Now fire up that app and get ready to ride!

*MANAGING THE UBER APP*

The Uber application is really a technological miracle and so simple to use.
Turn your app on, accept the terms, wait a few moments, and the app will find the passenger closest to you. When your screen flashes, press the accept button, and get ready to meet your new friend. Press the handy navigation tool, and away you go. Easy, step by step, turn by turn directions will guide you to your passenger. Simply drive to the pin, and your passenger will be waiting for you. Don't worry about having too drive far to find your passenger; research has proven that 87.4 % of all ride requests will be less than four city blocks from your location.

*INTERACTING WITH YOUR PASSENGERS:*

Before you drive, you will want to prepare yourself for various conversations. Keeping your passengers engaged and entertained is very important. Read the news, brush up on bible verses, and do your homework on pop culture and current events.

>> When you pick up your passenger(s), immediately exit the car and greet them with a warm smile and a hearty handshake. (A sincere hug is also acceptable.) Open the door for them as you introduce yourself with the following phrase, "Hello, my name is____." (Insert your first and last name here.) "I'll be your Uber driver today." Help them in the car, and offer them a refreshing beverage and something to read.

>> Eye contact is very important. Adjust your rear view mirror so you can always have eye contact with the passenger(s) in the back.

>> People love to debate. Suggested topics include: religion, abortion, politics, Sean Hannity, gay marriage, legalized drug use, immigration and stem cell research. Whatever stance your passenger takes, adamantly take the other point of view. Your passenger will enjoy the healthy debate and always rate you a five as a result. After mastering your debate skills, try out these spirited topics: Holocaust ... real or fake? 911 conspiracy theories, alien abduction, racial supremacy, rape...who's really to blame? and whale hunting for sport.

>> When dropping off your passenger, stop immediately wherever you happen to be. Turn on your flashers and have them exit your car as quickly as possible after assuring you have been rated a five. Drive away as quickly as possible. Other drivers on the road will always yield to an Uber driver as they understand that you are a professional and they are not.

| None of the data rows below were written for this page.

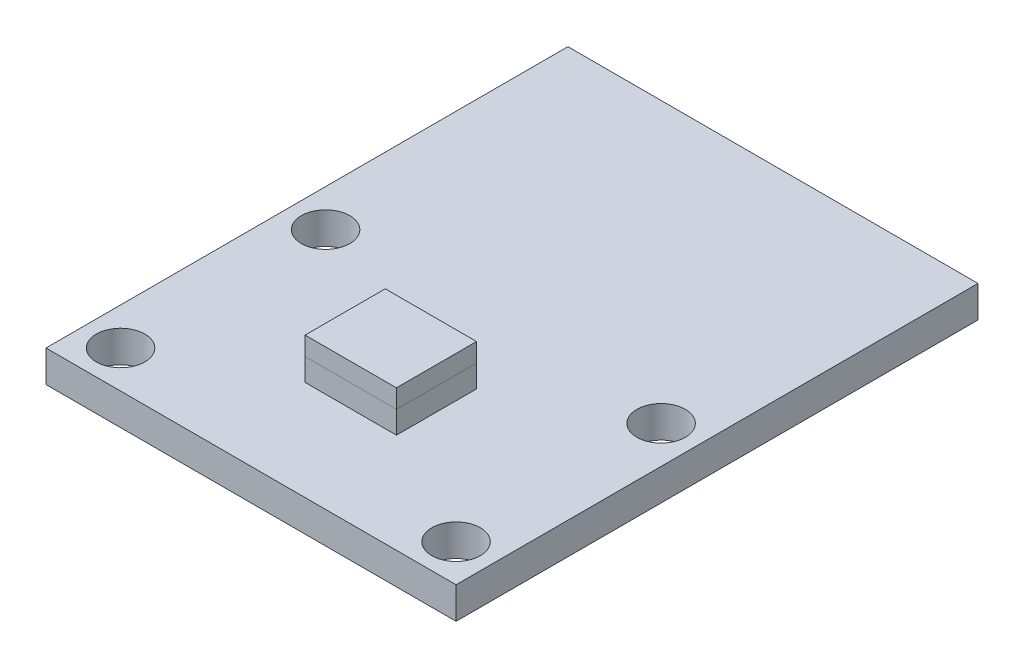
ISO-10303-21;
HEADER;
FILE_DESCRIPTION(('STEP AP214'),'2;1');
FILE_NAME('part.step','',(''),(''),'','','');
FILE_SCHEMA(('AUTOMOTIVE_DESIGN { 1 0 10303 214 1 1 1 1 }'));
ENDSEC;
DATA;
#1=APPLICATION_CONTEXT('core data for automotive mechanical design processes');
#2=APPLICATION_PROTOCOL_DEFINITION('international standard','automotive_design',2000,#1);
#3=PRODUCT_CONTEXT('',#1,'mechanical');
#4=PRODUCT('Part','Part','',(#3));
#5=PRODUCT_RELATED_PRODUCT_CATEGORY('part','',(#4));
#6=PRODUCT_DEFINITION_FORMATION('','',#4);
#7=PRODUCT_DEFINITION_CONTEXT('part definition',#1,'design');
#8=PRODUCT_DEFINITION('design','',#6,#7);
#9=PRODUCT_DEFINITION_SHAPE('','',#8);
#10=(LENGTH_UNIT() NAMED_UNIT(*) SI_UNIT(.MILLI.,.METRE.));
#11=(NAMED_UNIT(*) PLANE_ANGLE_UNIT() SI_UNIT($,.RADIAN.));
#12=(NAMED_UNIT(*) SI_UNIT($,.STERADIAN.) SOLID_ANGLE_UNIT());
#13=UNCERTAINTY_MEASURE_WITH_UNIT(LENGTH_MEASURE(1.E-05),#10,'distance_accuracy_value','');
#14=(GEOMETRIC_REPRESENTATION_CONTEXT(3) GLOBAL_UNCERTAINTY_ASSIGNED_CONTEXT((#13)) GLOBAL_UNIT_ASSIGNED_CONTEXT((#10,
#11,#12)) REPRESENTATION_CONTEXT('',''));
#15=CARTESIAN_POINT('',(0.,0.,0.));
#16=DIRECTION('',(0.,0.,1.));
#17=DIRECTION('',(1.,0.,0.));
#18=AXIS2_PLACEMENT_3D('',#15,#16,#17);
#19=CARTESIAN_POINT('',(-2.45,3.9,2.15));
#20=DIRECTION('',(0.,0.,-1.));
#21=DIRECTION('',(-1.,0.,0.));
#22=AXIS2_PLACEMENT_3D('',#19,#20,#21);
#23=PLANE('',#22);
#24=DIRECTION('',(1.,0.,0.));
#25=VECTOR('',#24,1.);
#26=CARTESIAN_POINT('',(-2.45,2.9,2.15));
#27=LINE('',#26,#25);
#28=CARTESIAN_POINT('',(-2.45,2.9,2.15));
#29=VERTEX_POINT('',#28);
#30=CARTESIAN_POINT('',(2.45,2.9,2.15));
#31=VERTEX_POINT('',#30);
#32=EDGE_CURVE('E106',#29,#31,#27,.T.);
#33=ORIENTED_EDGE('',*,*,#32,.T.);
#34=DIRECTION('',(0.,-1.,0.));
#35=VECTOR('',#34,1.);
#36=CARTESIAN_POINT('',(2.45,3.9,2.15));
#37=LINE('',#36,#35);
#38=CARTESIAN_POINT('',(2.45,3.9,2.15));
#39=VERTEX_POINT('',#38);
#40=EDGE_CURVE('E12',#39,#31,#37,.T.);
#41=ORIENTED_EDGE('',*,*,#40,.F.);
#42=DIRECTION('',(1.,0.,0.));
#43=VECTOR('',#42,1.);
#44=CARTESIAN_POINT('',(-2.45,3.9,2.15));
#45=LINE('',#44,#43);
#46=CARTESIAN_POINT('',(-2.45,3.9,2.15));
#47=VERTEX_POINT('',#46);
#48=EDGE_CURVE('E94',#47,#39,#45,.T.);
#49=ORIENTED_EDGE('',*,*,#48,.F.);
#50=DIRECTION('',(0.,-1.,0.));
#51=VECTOR('',#50,1.);
#52=CARTESIAN_POINT('',(-2.45,3.9,2.15));
#53=LINE('',#52,#51);
#54=EDGE_CURVE('E102',#47,#29,#53,.T.);
#55=ORIENTED_EDGE('',*,*,#54,.T.);
#56=EDGE_LOOP('',(#33,#41,#49,#55));
#57=FACE_BOUND('',#56,.T.);
#58=ADVANCED_FACE('F43',(#57),#23,.F.);
#59=CARTESIAN_POINT('',(2.45,3.9,2.15));
#60=DIRECTION('',(-1.,0.,0.));
#61=DIRECTION('',(0.,0.,1.));
#62=AXIS2_PLACEMENT_3D('',#59,#60,#61);
#63=PLANE('',#62);
#64=DIRECTION('',(0.,0.,-1.));
#65=VECTOR('',#64,1.);
#66=CARTESIAN_POINT('',(2.45,2.9,2.15));
#67=LINE('',#66,#65);
#68=CARTESIAN_POINT('',(2.45,2.9,-2.15));
#69=VERTEX_POINT('',#68);
#70=EDGE_CURVE('E98',#31,#69,#67,.T.);
#71=ORIENTED_EDGE('',*,*,#70,.T.);
#72=DIRECTION('',(0.,-1.,0.));
#73=VECTOR('',#72,1.);
#74=CARTESIAN_POINT('',(2.45,3.9,-2.15));
#75=LINE('',#74,#73);
#76=CARTESIAN_POINT('',(2.45,3.9,-2.15));
#77=VERTEX_POINT('',#76);
#78=EDGE_CURVE('E51',#77,#69,#75,.T.);
#79=ORIENTED_EDGE('',*,*,#78,.F.);
#80=DIRECTION('',(0.,0.,-1.));
#81=VECTOR('',#80,1.);
#82=CARTESIAN_POINT('',(2.45,3.9,2.15));
#83=LINE('',#82,#81);
#84=EDGE_CURVE('E89',#39,#77,#83,.T.);
#85=ORIENTED_EDGE('',*,*,#84,.F.);
#86=ORIENTED_EDGE('',*,*,#40,.T.);
#87=EDGE_LOOP('',(#71,#79,#85,#86));
#88=FACE_BOUND('',#87,.T.);
#89=ADVANCED_FACE('F97',(#88),#63,.F.);
#90=CARTESIAN_POINT('',(2.45,3.9,-2.15));
#91=DIRECTION('',(0.,0.,1.));
#92=DIRECTION('',(1.,0.,0.));
#93=AXIS2_PLACEMENT_3D('',#90,#91,#92);
#94=PLANE('',#93);
#95=DIRECTION('',(-1.,0.,0.));
#96=VECTOR('',#95,1.);
#97=CARTESIAN_POINT('',(2.45,2.9,-2.15));
#98=LINE('',#97,#96);
#99=CARTESIAN_POINT('',(-2.45,2.9,-2.15));
#100=VERTEX_POINT('',#99);
#101=EDGE_CURVE('E76',#69,#100,#98,.T.);
#102=ORIENTED_EDGE('',*,*,#101,.T.);
#103=DIRECTION('',(0.,-1.,0.));
#104=VECTOR('',#103,1.);
#105=CARTESIAN_POINT('',(-2.45,3.9,-2.15));
#106=LINE('',#105,#104);
#107=CARTESIAN_POINT('',(-2.45,3.9,-2.15));
#108=VERTEX_POINT('',#107);
#109=EDGE_CURVE('E99',#108,#100,#106,.T.);
#110=ORIENTED_EDGE('',*,*,#109,.F.);
#111=DIRECTION('',(-1.,0.,0.));
#112=VECTOR('',#111,1.);
#113=CARTESIAN_POINT('',(2.45,3.9,-2.15));
#114=LINE('',#113,#112);
#115=EDGE_CURVE('E92',#77,#108,#114,.T.);
#116=ORIENTED_EDGE('',*,*,#115,.F.);
#117=ORIENTED_EDGE('',*,*,#78,.T.);
#118=EDGE_LOOP('',(#102,#110,#116,#117));
#119=FACE_BOUND('',#118,.T.);
#120=ADVANCED_FACE('F100',(#119),#94,.F.);
#121=CARTESIAN_POINT('',(-2.45,3.9,-2.15));
#122=DIRECTION('',(1.,0.,0.));
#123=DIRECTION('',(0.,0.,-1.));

>> A good place to wait for your next ride is a taxi stand. Taxi drivers respect Uber drivers and strive to become one. Find a taxi stand, pull in the front, exit your car and introduce yourself to every taxi driver behind you. They will cling to your every word in awe and amazement, as you share with them your fascinating Uber stories. Since you both share the exciting profession of driving passengers, you will all instantly become friends. The brotherhood between Uber drivers and cabbies is truly amazing. It's also a good idea to hand out Uber cards with your driver code on them to these cab drivers. You'll be amazed at the amount of money you will make with these taxi cab referrals as they hand them out to all their passengers. It won't be long until you get your next ride request and off you'll go. Often cab drivers whom you've handed cards out to, will suggest to their passengers that they ride with you instead, so always remember to park in the front of taxi stands.

End Part 1
Check out Part 2

CLICK HERE FOR PART TWO:

http://www.uberpeople.net/threads/helpful-tips-for-all-the-new-drivers-part-2.30102/


----------



## Realityshark (Sep 22, 2014)

CLICK HERE FOR PART TWO:

http://www.uberpeople.net/threads/helpful-tips-for-all-the-new-drivers-part-2.30102/


----------



## rcinatl (Apr 5, 2015)

Realityshark said:


> CLICK HERE FOR PART TWO:
> 
> http://www.uberpeople.net/threads/helpful-tips-for-all-the-new-drivers-part-2.30102/





Realityshark said:


> Welcome to Uber. You have embarked on one of the most enjoyable, rewarding and profitable experiences in your life. Congratulations! Not everyone gets to be accepted into the Uber family. The fact you have been approved, proves that you are a unique, special person. You should be proud that you have been included to join one of the most respected, successful, important companies on the planet. Uber is proud of its reputation, especially concerning how it treats its partners, or should I say family? Here are some helpful tips that should make your transition from rookie driver to seasoned ride share professional in no time:
> 
> *PREPERATION:*
> 
> ...


Oh, and last but not least, always use a spell-checker. UBER ON!


----------



## Realityshark (Sep 22, 2014)

rcinatl said:


> Oh, and last but not least, always use a spell-checker. UBER ON!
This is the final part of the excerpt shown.